- What the exercise asks -
Determine how many lines in the listing contain the string "normal". Only that number goes in the answer.

- Provided records -

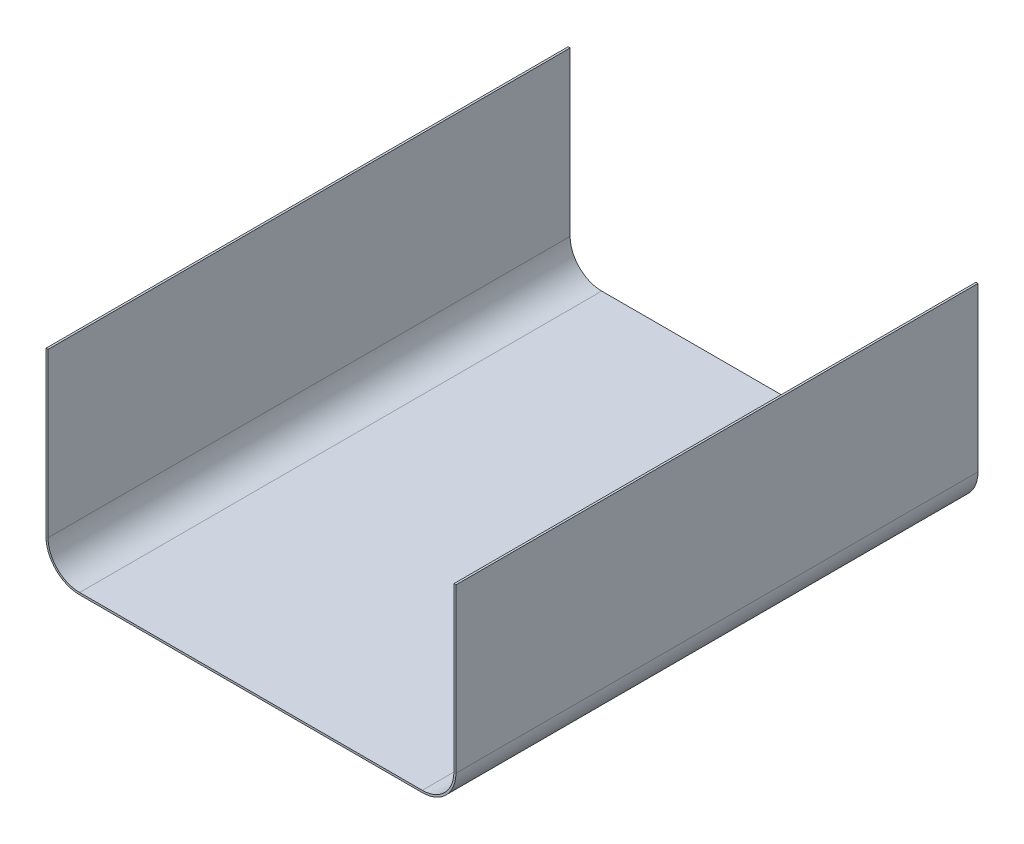
SolidWorks part; units mm, degrees
ref_plane "Front Plane" through (0, 0, 0) normal (0, 0, 1) x (1, 0, 0)
ref_plane "Top Plane" through (0, 0, 0) normal (0, 1, 0) x (1, 0, 0)
ref_plane "Right Plane" through (0, 0, 0) normal (1, 0, 0) x (0, 0, -1)
sketch "Sketch1" plane through (0, 0, 0) normal (0, 0, 1) x (1, 0, 0)
  line L0 (0, 0) -> (0, -127)
  line L1 (25.4, -152.4) -> (292.1, -152.4)
  line L2 (317.5, -127) -> (317.5, 0)
  line L3 (-0.7937, 0) -> (-0.7937, -127)
  line L4 (25.4, -153.1938) -> (292.1, -153.1938)
  line L5 (318.2937, -127) -> (318.2937, 0)
  line L6 (0.7937, 0) -> (0.7937, -127)
  line L7 (25.4, -151.6062) -> (292.1, -151.6062)
  line L8 (316.7063, -127) -> (316.7063, 0)
  line L9 (-0.7937, 0) -> (0.7937, 0)
  line L10 (316.7063, 0) -> (318.2937, 0)
  arc A0 (292.1, -152.4) -> (317.5, -127) centre (292.1, -127) ccw
  arc A1 (25.4, -152.4) -> (0, -127) centre (25.4, -127) cw
  arc A2 (25.4, -153.1938) -> (-0.7937, -127) centre (25.4, -127) cw
  arc A3 (292.1, -153.1938) -> (318.2937, -127) centre (292.1, -127) ccw
  arc A4 (25.4, -151.6062) -> (0.7937, -127) centre (25.4, -127) cw
  arc A5 (292.1, -151.6062) -> (316.7063, -127) centre (292.1, -127) ccw
  point P7 (317.5, -152.4)
  point P10 (0, -152.4)
  dimension "D3" = 25.4
  dimension "D1" = 152.4
  dimension "D2" = 317.5
  dimension "D4" = 0.7937
  dimension "D5" = 0.7937
extrude "Boss-Extrude1" add sketch "Sketch1" along normal blind 406.4 contours A5 L7 A4 L6 L9 L0 A1 L1 A0 L2 L10 L8 | L4 A3 L5 L10 L2 A0 L1 A1 L0 L9 L3 A2

- Exercise solution -
5